**PROVIDED DATA:**

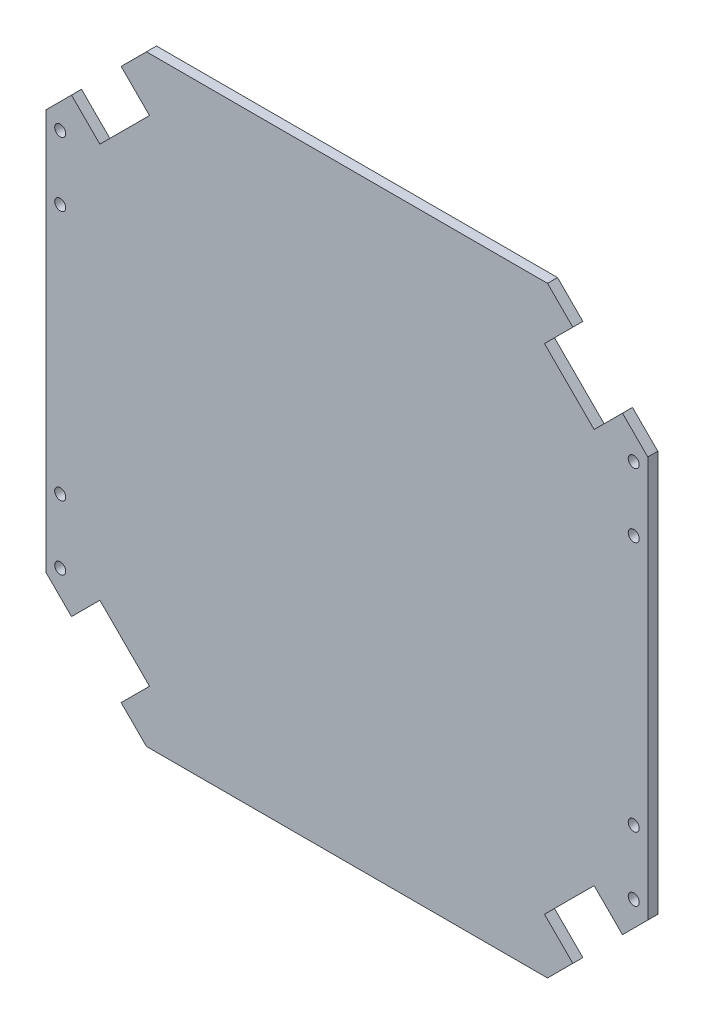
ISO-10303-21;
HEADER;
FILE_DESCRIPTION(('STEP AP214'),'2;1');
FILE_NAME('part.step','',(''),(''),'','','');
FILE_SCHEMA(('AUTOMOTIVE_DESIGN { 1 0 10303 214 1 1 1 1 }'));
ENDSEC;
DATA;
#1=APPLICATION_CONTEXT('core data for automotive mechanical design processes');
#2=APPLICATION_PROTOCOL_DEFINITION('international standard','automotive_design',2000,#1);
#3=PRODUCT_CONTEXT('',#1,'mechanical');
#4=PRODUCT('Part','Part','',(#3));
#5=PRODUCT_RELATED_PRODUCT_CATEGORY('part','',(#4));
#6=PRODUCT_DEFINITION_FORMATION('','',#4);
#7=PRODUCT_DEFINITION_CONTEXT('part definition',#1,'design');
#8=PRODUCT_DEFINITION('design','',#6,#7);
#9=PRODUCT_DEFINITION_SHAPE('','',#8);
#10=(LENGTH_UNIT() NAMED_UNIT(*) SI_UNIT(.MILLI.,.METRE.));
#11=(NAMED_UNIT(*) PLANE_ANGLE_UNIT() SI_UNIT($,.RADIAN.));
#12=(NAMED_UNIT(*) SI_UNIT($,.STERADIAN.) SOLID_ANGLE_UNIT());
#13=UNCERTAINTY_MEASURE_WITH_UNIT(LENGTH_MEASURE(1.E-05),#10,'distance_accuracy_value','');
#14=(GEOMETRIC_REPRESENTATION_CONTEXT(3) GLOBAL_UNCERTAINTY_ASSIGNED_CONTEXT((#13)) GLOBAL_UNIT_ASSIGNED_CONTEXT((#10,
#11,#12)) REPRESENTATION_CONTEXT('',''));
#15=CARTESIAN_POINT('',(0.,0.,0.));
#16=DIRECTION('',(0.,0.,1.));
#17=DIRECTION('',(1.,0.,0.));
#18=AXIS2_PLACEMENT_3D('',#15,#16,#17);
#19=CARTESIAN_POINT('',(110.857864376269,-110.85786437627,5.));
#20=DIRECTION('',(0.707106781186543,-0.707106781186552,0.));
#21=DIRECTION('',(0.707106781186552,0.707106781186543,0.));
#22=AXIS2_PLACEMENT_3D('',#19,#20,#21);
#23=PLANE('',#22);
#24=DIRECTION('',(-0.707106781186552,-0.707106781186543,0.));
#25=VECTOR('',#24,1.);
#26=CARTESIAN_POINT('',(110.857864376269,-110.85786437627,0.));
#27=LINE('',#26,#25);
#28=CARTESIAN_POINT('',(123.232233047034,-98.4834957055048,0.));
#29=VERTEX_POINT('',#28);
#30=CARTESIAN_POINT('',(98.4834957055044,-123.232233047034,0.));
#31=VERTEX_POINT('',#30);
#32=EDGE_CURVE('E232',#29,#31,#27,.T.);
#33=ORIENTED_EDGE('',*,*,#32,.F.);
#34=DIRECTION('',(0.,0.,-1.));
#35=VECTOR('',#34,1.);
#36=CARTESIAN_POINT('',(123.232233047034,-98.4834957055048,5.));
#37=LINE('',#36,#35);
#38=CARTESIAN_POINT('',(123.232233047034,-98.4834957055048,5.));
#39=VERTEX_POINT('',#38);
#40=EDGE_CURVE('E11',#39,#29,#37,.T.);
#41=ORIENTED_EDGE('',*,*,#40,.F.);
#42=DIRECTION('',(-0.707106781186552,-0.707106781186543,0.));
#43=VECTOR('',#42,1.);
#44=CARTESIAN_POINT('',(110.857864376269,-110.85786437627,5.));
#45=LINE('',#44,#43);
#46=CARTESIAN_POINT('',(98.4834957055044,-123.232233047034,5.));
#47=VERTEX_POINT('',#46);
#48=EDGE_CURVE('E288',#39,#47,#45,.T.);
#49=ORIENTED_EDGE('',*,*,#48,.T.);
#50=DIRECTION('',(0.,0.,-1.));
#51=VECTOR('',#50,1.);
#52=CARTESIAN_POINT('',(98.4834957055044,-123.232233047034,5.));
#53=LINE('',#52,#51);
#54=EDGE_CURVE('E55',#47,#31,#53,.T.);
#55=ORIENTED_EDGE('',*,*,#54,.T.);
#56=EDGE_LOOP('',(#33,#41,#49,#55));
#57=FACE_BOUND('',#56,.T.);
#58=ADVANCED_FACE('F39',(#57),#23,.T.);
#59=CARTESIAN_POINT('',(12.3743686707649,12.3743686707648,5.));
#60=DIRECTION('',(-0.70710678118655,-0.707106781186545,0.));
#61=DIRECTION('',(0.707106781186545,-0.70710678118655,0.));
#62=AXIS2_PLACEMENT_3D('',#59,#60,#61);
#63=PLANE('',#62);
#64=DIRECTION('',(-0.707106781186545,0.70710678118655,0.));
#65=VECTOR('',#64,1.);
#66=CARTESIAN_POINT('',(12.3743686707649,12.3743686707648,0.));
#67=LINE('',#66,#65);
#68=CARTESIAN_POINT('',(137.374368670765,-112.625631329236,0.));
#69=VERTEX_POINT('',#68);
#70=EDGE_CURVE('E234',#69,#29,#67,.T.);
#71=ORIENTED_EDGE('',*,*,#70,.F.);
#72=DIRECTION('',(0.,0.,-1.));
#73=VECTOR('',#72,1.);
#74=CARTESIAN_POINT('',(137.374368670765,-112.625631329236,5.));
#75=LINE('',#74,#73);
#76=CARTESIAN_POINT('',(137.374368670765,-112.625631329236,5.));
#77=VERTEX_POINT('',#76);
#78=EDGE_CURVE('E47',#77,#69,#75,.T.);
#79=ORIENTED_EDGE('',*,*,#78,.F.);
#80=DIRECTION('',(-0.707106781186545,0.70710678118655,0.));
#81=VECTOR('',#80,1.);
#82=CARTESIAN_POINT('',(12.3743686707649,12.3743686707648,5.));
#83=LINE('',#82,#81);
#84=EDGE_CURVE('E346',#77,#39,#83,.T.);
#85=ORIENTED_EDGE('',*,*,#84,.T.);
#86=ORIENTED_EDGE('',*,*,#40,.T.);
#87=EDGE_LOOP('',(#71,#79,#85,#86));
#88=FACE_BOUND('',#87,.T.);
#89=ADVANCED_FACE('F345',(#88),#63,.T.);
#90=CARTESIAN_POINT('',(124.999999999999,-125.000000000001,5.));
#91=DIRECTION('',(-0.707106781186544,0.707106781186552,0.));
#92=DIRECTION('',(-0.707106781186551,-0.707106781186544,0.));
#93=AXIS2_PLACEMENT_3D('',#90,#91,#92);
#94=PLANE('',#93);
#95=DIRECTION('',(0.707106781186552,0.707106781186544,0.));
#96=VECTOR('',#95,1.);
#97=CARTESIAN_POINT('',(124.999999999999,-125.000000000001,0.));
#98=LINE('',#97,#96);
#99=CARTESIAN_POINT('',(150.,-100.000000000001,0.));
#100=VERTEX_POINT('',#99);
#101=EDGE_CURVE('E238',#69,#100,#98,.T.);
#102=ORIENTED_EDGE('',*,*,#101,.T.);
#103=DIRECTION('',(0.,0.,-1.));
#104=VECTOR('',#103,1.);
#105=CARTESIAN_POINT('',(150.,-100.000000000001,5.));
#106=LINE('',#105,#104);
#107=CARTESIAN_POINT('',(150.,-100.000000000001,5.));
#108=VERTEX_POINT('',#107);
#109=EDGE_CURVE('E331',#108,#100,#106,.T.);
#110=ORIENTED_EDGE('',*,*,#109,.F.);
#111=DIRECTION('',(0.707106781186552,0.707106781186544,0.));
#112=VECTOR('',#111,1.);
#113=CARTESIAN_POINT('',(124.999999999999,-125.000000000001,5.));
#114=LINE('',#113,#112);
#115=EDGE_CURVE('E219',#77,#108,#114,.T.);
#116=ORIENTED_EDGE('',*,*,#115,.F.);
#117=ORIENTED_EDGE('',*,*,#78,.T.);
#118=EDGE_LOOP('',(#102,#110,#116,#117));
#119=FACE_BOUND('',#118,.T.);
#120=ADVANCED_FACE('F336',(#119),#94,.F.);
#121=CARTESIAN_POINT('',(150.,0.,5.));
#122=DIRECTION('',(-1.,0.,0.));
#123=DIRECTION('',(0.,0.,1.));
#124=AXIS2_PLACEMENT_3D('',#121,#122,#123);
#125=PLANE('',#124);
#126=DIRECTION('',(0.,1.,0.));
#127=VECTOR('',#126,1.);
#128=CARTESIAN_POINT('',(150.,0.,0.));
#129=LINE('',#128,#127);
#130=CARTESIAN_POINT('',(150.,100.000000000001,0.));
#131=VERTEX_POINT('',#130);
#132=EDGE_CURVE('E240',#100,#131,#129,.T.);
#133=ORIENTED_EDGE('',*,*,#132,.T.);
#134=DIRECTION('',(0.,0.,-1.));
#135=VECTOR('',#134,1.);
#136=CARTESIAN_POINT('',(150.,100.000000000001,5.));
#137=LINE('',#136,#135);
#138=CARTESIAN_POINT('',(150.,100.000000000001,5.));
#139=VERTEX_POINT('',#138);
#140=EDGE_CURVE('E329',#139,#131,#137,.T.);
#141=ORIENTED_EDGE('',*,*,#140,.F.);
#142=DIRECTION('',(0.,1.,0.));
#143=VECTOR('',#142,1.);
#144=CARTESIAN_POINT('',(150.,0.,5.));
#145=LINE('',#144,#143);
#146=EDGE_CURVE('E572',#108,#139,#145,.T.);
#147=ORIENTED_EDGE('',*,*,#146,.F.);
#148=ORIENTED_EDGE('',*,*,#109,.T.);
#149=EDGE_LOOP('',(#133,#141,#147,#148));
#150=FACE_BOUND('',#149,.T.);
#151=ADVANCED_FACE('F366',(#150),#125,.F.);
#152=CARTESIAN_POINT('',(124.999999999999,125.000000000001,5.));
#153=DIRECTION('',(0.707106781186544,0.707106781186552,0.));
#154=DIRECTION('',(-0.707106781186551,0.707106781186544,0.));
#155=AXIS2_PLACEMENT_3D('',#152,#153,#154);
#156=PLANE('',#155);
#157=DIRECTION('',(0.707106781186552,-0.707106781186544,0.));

**TASK PROMPT:**
Above are the entries. Output exactly the lines beginning with the line that has "#46=CARTESIAN_POINT('',(98.4834957055044,-123.232233047034,5.));" and ending with the line that has "#54=EDGE_CURVE('E55',#47,#31,#53,.T.);".

**YOUR RESPONSE:**
#46=CARTESIAN_POINT('',(98.4834957055044,-123.232233047034,5.));
#47=VERTEX_POINT('',#46);
#48=EDGE_CURVE('E288',#39,#47,#45,.T.);
#49=ORIENTED_EDGE('',*,*,#48,.T.);
#50=DIRECTION('',(0.,0.,-1.));
#51=VECTOR('',#50,1.);
#52=CARTESIAN_POINT('',(98.4834957055044,-123.232233047034,5.));
#53=LINE('',#52,#51);
#54=EDGE_CURVE('E55',#47,#31,#53,.T.);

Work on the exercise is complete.